DESCRIPTION OF THE TASK » Stopping at the line that holds "12.5, -3, 3, -3])", repeat the lines below exactly, starting from the very first and including that final line.

Recorded data:
————

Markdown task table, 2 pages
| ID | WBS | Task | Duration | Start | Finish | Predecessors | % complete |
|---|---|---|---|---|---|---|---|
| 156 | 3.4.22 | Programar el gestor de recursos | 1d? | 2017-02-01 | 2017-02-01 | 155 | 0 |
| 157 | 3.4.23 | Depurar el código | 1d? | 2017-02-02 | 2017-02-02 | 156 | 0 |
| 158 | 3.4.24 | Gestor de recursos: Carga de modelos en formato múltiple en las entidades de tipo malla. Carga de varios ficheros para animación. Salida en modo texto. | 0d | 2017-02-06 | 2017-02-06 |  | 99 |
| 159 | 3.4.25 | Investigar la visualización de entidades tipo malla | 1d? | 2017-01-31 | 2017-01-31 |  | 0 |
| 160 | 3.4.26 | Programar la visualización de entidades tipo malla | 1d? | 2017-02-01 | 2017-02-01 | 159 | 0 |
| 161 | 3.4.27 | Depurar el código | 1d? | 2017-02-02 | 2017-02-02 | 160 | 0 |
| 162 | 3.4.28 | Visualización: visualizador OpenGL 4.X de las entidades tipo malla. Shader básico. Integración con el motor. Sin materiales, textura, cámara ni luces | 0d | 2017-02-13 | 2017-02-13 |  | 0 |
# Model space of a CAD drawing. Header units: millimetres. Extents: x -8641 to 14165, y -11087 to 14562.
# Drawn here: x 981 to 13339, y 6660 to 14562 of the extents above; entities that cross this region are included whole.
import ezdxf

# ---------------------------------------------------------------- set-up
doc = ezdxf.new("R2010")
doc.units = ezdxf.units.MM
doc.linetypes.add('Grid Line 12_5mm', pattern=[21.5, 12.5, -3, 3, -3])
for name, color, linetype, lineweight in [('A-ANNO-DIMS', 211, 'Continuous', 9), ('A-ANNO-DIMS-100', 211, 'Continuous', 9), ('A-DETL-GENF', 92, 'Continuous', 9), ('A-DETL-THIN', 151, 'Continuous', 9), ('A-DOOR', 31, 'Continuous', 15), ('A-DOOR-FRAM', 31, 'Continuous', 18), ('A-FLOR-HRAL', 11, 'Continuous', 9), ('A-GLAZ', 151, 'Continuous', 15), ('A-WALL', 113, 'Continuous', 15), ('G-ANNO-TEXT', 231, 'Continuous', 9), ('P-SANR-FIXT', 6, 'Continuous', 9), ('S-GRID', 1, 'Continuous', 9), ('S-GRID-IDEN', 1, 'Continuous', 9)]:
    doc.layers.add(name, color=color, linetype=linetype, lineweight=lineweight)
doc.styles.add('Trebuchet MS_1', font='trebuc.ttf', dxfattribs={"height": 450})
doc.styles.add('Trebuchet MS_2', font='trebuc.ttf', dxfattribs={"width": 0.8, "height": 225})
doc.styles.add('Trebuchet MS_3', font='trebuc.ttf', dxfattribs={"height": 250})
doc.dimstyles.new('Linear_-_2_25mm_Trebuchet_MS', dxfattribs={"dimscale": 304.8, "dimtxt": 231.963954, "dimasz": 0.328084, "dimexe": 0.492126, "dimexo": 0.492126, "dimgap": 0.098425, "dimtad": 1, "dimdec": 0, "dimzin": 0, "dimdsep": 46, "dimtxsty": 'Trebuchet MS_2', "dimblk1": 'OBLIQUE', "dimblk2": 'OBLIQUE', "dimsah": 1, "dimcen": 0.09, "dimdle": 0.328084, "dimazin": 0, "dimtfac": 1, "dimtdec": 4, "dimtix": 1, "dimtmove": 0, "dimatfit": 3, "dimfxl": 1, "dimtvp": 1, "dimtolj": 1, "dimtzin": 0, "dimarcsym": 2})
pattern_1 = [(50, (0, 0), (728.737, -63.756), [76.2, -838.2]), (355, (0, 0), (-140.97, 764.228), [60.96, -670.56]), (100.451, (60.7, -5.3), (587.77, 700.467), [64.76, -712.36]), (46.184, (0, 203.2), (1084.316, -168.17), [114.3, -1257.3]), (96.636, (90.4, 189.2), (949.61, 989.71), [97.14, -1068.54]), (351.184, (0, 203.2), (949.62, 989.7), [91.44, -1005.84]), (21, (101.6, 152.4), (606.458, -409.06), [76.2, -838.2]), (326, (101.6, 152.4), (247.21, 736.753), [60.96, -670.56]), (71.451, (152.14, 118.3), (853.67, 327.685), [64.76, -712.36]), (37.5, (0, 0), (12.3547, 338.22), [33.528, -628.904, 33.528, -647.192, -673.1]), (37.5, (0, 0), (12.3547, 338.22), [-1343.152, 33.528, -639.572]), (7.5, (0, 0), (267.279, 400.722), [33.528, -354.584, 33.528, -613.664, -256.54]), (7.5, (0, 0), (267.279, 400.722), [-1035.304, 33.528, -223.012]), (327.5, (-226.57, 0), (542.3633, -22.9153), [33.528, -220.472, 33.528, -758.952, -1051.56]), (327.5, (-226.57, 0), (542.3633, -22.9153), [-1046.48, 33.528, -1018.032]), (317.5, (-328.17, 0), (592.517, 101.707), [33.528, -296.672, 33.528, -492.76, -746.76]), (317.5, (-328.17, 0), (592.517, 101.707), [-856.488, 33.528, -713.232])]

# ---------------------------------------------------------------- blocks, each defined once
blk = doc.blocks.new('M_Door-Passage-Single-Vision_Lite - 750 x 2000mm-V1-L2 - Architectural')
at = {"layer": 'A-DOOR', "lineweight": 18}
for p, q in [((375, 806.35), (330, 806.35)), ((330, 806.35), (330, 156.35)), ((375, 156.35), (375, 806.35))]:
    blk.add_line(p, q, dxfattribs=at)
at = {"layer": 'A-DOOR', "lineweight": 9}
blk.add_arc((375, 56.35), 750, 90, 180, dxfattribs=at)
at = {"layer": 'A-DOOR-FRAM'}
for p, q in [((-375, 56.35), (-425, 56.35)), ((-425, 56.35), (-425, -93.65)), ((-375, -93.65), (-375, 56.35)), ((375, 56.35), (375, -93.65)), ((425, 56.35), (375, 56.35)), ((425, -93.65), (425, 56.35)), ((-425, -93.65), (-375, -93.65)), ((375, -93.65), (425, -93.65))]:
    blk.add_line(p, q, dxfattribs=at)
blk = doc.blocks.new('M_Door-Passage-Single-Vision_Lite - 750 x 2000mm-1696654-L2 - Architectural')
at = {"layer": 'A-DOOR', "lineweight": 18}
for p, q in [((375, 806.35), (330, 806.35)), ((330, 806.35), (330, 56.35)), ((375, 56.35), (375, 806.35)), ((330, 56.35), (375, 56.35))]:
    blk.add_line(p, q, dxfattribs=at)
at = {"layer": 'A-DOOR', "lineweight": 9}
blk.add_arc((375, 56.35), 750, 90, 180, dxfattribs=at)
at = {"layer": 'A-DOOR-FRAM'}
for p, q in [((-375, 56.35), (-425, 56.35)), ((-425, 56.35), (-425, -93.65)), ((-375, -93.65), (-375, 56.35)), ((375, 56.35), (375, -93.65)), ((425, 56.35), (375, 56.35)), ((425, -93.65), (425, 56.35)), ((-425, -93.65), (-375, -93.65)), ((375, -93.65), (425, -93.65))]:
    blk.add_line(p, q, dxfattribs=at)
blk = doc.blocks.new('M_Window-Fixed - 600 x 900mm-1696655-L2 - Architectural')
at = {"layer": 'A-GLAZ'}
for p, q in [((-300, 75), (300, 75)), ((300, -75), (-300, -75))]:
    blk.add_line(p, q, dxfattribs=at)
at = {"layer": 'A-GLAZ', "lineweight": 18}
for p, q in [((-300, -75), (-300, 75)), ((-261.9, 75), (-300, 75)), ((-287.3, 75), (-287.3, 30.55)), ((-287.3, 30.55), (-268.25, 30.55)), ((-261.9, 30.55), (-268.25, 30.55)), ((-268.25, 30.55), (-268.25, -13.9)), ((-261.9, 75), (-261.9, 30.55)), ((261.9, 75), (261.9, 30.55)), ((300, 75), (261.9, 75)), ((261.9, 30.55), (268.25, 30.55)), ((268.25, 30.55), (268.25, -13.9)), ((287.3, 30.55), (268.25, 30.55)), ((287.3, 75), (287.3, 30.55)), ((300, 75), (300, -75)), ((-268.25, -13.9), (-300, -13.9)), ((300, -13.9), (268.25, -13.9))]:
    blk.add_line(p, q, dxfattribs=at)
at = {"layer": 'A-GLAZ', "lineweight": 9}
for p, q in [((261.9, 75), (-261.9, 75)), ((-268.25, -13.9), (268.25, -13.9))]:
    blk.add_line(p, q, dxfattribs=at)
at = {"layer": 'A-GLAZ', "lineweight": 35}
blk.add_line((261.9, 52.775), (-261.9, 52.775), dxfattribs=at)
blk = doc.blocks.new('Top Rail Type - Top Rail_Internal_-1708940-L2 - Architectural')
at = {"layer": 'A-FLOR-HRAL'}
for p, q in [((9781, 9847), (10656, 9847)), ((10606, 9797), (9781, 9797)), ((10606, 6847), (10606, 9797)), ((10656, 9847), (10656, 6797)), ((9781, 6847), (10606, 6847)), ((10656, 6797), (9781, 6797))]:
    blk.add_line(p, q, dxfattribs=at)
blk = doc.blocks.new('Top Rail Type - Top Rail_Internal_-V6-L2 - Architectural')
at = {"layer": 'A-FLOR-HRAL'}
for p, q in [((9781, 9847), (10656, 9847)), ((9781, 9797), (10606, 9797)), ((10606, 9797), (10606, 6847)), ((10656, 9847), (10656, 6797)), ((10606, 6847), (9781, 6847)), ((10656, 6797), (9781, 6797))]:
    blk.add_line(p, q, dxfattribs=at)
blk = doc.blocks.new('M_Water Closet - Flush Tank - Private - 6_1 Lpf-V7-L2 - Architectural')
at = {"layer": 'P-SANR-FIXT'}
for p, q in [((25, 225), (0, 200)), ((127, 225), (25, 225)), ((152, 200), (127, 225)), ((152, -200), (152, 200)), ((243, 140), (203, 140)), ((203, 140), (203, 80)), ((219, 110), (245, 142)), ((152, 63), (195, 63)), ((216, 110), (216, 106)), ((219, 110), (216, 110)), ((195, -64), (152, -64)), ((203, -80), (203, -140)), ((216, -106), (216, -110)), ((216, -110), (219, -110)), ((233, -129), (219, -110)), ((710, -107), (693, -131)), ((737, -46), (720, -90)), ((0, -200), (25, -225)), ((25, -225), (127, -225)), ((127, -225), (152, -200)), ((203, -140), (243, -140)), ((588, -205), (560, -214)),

————

RESULT OF THIS EXERCISE »
Markdown task table, 2 pages
| ID | WBS | Task | Duration | Start | Finish | Predecessors | % complete |
|---|---|---|---|---|---|---|---|
| 156 | 3.4.22 | Programar el gestor de recursos | 1d? | 2017-02-01 | 2017-02-01 | 155 | 0 |
| 157 | 3.4.23 | Depurar el código | 1d? | 2017-02-02 | 2017-02-02 | 156 | 0 |
| 158 | 3.4.24 | Gestor de recursos: Carga de modelos en formato múltiple en las entidades de tipo malla. Carga de varios ficheros para animación. Salida en modo texto. | 0d | 2017-02-06 | 2017-02-06 |  | 99 |
| 159 | 3.4.25 | Investigar la visualización de entidades tipo malla | 1d? | 2017-01-31 | 2017-01-31 |  | 0 |
| 160 | 3.4.26 | Programar la visualización de entidades tipo malla | 1d? | 2017-02-01 | 2017-02-01 | 159 | 0 |
| 161 | 3.4.27 | Depurar el código | 1d? | 2017-02-02 | 2017-02-02 | 160 | 0 |
| 162 | 3.4.28 | Visualización: visualizador OpenGL 4.X de las entidades tipo malla. Shader básico. Integración con el motor. Sin materiales, textura, cámara ni luces | 0d | 2017-02-13 | 2017-02-13 |  | 0 |
# Model space of a CAD drawing. Header units: millimetres. Extents: x -8641 to 14165, y -11087 to 14562.
# Drawn here: x 981 to 13339, y 6660 to 14562 of the extents above; entities that cross this region are included whole.
import ezdxf

# ---------------------------------------------------------------- set-up
doc = ezdxf.new("R2010")
doc.units = ezdxf.units.MM
doc.linetypes.add('Grid Line 12_5mm', pattern=[21.5, 12.5, -3, 3, -3])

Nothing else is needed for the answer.